邢雲吉對少昊道:“你覺得,蘇杭這隻老狐狸,真有能耐與嫦羲仙子一戰?便是加上蕭戾,集萬眾妖魔都不及嫦羲仙子一手之力,更何況嫦羲仙子坐下弟子,沒有一個是酒囊飯袋,廣寒宮曾經最傑出的四名弟子,太陰仙子,霓裳仙子,無雙仙子和望舒仙子,雖然望舒仙子已經隕落,但僅太陰,霓裳,無雙三位仙子,便可抵禦了青丘國所有的妖魔。”
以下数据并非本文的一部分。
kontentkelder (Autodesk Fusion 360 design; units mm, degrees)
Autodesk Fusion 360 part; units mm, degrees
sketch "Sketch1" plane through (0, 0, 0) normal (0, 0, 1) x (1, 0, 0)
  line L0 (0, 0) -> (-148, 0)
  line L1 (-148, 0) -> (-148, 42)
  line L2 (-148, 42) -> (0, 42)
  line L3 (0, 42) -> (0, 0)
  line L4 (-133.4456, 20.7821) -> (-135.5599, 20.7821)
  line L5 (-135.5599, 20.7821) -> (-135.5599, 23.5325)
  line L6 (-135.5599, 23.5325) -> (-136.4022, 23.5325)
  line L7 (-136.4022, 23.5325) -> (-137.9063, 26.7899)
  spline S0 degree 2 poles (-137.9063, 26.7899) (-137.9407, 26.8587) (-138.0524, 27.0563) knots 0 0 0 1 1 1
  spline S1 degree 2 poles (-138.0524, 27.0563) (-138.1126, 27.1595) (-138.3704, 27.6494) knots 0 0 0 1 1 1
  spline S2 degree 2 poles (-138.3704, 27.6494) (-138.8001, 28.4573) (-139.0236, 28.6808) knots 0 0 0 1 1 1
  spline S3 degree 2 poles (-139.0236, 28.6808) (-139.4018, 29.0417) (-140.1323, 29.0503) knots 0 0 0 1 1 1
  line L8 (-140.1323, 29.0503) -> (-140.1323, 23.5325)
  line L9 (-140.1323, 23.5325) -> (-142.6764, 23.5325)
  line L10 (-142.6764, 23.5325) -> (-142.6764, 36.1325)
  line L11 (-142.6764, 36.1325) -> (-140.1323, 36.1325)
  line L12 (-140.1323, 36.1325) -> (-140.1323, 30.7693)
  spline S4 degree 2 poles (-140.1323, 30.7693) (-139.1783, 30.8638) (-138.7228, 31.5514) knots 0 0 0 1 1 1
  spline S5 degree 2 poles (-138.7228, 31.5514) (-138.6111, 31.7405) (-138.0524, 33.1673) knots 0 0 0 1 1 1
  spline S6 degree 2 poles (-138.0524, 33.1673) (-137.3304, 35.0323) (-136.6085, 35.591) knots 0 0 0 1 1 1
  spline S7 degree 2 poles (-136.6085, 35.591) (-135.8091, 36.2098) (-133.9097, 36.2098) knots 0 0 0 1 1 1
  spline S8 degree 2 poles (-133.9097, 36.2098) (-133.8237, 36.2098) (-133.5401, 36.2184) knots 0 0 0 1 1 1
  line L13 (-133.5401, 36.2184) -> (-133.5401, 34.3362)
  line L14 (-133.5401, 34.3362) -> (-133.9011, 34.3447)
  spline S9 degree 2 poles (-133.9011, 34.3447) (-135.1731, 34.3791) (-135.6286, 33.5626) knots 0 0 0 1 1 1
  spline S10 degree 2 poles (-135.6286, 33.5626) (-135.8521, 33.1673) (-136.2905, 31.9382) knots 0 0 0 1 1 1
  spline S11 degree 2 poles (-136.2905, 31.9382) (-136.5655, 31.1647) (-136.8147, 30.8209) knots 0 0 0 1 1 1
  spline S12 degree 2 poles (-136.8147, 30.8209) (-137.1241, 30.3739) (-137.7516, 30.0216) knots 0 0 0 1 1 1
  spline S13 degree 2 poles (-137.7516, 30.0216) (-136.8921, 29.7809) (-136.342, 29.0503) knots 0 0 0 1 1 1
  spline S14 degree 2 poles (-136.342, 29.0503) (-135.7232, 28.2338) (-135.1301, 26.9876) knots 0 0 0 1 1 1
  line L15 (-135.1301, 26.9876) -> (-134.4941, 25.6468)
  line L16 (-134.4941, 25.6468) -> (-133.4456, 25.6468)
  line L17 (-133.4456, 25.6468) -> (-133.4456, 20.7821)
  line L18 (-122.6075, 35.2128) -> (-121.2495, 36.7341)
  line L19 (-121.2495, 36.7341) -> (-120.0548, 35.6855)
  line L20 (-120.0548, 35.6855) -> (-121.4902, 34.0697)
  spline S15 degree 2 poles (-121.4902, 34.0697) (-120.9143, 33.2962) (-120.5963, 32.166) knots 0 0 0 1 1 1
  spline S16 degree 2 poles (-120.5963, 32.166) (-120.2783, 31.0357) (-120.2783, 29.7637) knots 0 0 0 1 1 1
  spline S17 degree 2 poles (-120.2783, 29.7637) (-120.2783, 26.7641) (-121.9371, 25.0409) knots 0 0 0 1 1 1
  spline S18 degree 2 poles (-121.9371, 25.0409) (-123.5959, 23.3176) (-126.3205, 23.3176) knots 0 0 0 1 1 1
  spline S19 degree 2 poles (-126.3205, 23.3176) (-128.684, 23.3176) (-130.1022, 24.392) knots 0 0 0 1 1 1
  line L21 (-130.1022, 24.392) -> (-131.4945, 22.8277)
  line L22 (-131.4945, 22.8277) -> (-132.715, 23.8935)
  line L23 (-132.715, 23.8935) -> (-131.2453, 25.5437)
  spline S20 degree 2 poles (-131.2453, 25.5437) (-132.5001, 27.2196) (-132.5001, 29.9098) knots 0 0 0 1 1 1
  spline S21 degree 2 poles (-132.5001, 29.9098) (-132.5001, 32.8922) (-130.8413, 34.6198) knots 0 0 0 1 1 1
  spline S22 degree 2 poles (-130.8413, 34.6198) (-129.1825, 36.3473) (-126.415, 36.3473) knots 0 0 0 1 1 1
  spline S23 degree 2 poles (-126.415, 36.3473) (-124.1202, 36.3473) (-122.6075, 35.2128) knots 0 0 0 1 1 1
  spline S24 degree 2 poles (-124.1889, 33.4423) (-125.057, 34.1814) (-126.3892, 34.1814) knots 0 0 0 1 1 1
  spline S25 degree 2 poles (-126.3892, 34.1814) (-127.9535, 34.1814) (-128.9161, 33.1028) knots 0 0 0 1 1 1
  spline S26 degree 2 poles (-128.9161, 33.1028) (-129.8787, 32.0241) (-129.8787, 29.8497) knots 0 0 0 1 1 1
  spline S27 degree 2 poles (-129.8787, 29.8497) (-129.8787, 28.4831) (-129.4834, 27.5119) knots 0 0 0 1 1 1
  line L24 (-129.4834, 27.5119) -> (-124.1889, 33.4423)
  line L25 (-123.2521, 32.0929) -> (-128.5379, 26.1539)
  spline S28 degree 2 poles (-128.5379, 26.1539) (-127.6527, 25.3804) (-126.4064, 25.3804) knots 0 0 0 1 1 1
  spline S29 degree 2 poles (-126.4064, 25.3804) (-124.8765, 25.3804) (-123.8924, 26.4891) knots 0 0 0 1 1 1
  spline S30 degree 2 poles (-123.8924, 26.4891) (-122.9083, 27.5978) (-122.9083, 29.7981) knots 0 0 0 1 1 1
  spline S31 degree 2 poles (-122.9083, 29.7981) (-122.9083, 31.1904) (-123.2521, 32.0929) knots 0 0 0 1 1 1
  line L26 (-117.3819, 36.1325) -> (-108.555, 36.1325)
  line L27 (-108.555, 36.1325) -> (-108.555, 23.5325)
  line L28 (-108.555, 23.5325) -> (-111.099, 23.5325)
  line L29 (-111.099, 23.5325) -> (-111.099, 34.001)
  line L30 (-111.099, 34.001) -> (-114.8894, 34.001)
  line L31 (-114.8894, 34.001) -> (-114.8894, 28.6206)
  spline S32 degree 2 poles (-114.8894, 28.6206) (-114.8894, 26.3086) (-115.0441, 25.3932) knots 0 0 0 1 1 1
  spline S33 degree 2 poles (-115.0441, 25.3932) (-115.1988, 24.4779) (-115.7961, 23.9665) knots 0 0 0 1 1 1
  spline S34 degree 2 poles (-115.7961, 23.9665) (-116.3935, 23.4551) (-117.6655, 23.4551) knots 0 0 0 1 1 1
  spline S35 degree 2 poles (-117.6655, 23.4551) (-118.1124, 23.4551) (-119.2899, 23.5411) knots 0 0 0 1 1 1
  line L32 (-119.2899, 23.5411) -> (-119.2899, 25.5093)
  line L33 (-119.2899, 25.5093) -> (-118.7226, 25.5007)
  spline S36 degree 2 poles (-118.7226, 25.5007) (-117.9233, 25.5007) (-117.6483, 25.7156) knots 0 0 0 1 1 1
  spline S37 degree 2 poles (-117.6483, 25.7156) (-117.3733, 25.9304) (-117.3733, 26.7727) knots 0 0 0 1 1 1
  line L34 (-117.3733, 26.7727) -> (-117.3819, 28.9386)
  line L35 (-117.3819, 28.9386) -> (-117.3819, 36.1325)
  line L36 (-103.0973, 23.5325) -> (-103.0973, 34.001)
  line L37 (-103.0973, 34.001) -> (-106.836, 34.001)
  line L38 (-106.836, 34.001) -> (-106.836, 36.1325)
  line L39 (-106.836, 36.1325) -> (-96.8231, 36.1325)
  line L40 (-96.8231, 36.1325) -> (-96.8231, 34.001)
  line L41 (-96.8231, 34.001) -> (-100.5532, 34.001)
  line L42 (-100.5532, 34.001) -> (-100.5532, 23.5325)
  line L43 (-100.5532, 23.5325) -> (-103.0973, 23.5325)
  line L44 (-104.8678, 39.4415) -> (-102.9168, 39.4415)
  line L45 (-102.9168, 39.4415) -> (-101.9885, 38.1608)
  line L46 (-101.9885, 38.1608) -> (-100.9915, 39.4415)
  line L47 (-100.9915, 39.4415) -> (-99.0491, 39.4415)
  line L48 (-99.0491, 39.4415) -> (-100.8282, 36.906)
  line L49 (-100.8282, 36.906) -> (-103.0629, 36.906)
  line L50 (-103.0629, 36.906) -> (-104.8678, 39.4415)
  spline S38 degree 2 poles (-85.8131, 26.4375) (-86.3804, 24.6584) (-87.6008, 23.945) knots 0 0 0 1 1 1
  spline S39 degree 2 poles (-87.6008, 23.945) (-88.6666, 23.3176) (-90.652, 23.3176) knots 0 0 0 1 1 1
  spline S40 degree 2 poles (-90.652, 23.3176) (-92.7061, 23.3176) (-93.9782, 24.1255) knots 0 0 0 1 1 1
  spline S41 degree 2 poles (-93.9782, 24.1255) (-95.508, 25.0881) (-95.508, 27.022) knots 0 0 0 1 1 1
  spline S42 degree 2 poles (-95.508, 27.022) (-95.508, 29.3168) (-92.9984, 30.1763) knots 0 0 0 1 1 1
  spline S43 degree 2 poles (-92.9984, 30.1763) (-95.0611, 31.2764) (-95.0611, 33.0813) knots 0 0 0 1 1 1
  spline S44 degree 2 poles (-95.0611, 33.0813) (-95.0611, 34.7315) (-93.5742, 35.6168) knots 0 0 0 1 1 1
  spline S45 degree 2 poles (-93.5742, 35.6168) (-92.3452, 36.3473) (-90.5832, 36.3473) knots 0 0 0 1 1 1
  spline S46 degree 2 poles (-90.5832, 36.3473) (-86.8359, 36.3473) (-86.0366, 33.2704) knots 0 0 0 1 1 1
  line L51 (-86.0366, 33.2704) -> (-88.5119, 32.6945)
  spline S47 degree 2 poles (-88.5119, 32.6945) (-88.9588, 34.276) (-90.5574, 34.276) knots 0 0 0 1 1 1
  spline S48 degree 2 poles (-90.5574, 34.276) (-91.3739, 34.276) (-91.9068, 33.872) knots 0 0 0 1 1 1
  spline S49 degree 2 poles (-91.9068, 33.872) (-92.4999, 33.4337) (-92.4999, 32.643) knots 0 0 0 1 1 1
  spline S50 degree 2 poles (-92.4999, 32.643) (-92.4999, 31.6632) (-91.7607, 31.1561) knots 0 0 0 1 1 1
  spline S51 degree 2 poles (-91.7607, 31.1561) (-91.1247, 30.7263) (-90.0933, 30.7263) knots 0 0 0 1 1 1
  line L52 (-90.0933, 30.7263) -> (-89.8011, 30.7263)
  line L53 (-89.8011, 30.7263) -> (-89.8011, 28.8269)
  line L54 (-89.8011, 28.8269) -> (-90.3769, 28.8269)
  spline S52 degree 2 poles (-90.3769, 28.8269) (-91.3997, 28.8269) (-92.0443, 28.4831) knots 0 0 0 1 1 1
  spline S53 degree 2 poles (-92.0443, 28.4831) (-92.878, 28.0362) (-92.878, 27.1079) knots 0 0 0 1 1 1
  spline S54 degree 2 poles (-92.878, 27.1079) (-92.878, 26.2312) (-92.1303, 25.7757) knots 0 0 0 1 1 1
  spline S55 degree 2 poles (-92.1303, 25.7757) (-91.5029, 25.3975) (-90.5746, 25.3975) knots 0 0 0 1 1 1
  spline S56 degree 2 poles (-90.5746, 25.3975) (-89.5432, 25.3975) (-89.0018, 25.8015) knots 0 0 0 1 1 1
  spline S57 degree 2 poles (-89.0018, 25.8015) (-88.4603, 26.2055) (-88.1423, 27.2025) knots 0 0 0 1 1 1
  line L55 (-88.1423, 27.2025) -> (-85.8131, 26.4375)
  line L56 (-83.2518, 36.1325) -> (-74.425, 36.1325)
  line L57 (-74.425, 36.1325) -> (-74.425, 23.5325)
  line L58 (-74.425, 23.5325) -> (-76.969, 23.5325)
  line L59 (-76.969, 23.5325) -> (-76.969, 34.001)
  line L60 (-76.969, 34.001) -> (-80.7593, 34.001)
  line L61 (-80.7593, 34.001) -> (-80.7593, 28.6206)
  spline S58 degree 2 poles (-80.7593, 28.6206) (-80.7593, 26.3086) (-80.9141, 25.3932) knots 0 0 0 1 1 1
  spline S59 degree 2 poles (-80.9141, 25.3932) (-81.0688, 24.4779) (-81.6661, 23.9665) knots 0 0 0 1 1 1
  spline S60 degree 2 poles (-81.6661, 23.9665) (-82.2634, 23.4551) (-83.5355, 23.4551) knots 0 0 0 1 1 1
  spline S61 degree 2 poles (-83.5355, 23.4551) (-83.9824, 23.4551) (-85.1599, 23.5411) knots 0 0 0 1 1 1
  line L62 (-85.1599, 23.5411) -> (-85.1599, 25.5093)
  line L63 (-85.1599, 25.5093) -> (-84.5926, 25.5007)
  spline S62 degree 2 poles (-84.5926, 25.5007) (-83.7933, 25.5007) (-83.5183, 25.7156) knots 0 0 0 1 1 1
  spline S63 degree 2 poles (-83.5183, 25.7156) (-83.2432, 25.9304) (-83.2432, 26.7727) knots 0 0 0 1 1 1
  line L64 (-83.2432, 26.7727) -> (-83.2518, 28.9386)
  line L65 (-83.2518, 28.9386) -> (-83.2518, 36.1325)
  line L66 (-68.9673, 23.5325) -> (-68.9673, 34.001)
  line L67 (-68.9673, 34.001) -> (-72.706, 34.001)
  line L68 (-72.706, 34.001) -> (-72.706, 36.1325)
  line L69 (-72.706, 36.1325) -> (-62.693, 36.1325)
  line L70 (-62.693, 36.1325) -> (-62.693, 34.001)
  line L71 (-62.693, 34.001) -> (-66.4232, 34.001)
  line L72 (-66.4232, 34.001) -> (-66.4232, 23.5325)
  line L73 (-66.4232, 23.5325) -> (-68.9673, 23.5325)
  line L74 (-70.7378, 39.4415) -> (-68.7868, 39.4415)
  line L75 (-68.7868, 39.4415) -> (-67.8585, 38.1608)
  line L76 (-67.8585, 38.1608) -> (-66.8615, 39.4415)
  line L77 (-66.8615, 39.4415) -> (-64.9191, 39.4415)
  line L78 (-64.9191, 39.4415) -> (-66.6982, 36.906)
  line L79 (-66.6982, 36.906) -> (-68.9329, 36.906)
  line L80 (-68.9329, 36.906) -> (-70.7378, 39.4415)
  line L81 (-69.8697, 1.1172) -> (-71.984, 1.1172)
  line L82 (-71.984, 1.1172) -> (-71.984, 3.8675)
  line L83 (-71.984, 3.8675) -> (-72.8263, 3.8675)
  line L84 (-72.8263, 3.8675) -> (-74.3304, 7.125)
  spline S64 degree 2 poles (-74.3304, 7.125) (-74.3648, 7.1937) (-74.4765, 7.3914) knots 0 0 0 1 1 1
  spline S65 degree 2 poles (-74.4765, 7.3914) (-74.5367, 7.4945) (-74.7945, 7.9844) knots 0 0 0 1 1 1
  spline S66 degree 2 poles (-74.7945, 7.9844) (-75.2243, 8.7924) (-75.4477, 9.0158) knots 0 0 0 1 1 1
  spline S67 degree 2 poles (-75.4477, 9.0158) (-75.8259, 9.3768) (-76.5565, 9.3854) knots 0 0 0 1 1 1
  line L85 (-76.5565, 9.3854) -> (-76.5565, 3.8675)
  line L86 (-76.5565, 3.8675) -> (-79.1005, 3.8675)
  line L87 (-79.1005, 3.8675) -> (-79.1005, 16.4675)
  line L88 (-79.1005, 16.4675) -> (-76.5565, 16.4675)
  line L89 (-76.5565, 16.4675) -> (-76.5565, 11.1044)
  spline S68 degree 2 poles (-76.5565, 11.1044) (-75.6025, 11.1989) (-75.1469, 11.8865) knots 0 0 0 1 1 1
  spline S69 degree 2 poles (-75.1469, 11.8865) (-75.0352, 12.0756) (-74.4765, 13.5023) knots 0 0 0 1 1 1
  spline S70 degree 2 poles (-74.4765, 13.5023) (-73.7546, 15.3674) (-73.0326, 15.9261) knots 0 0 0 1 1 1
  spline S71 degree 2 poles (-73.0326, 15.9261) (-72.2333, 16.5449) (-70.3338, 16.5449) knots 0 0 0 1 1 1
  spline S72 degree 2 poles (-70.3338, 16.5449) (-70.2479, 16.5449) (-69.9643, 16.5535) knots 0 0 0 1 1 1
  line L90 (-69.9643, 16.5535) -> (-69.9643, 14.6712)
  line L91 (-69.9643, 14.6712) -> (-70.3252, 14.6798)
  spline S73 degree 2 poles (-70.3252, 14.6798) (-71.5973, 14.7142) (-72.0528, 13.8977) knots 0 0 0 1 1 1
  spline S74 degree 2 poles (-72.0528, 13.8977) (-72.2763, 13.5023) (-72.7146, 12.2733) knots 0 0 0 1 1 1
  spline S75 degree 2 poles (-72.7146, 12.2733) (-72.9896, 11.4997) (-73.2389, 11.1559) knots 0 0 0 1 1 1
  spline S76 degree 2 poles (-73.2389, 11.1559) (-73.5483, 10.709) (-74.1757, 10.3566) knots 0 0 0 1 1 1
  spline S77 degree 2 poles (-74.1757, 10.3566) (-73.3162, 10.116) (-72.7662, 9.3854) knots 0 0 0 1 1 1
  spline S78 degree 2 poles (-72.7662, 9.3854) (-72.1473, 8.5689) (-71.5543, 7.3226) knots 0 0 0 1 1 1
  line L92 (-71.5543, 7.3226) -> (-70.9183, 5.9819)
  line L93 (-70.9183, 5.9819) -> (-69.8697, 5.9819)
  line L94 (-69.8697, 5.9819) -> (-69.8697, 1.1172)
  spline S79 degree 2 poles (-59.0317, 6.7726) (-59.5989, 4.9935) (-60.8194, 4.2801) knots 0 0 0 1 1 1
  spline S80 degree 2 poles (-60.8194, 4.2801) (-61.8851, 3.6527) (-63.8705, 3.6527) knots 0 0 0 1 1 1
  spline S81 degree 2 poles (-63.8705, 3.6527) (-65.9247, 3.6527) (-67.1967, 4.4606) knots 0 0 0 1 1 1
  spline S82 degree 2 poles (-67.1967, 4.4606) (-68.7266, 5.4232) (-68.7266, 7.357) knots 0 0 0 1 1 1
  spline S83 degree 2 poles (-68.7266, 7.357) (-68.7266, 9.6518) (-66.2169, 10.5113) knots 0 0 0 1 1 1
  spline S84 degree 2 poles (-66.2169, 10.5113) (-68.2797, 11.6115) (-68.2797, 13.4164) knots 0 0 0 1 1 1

“滅世黑蓮竟如此厲害?”神帝少昊想到這裡不由擔憂起來,同時,少昊心中打起了另一個算盤,如是這般,太一之事,倒是不用擔心,因為太一內部出現了分裂,到時候至是不攻自破,而那蕭戾,神帝昊天不由認真對待了。
神帝少昊摘下了一朵白蓮後,便對邢雲吉拱了拱手,道:“今日之事,多謝相告,就此告辭!”
“就這麼急著走嗎?昔日你我見面不都是要打上一架的嗎?怎麼今日?”邢雲吉對神帝少昊不解的問道。
“你既繼承了刑天的修為,現在的我自不是你的敵手,你贏了。”少昊對邢雲吉道。
邢雲吉對少昊道:“焚世火蓮現在在炎舞的身上,只有炎舞才放可與那滅世黑蓮一戰。”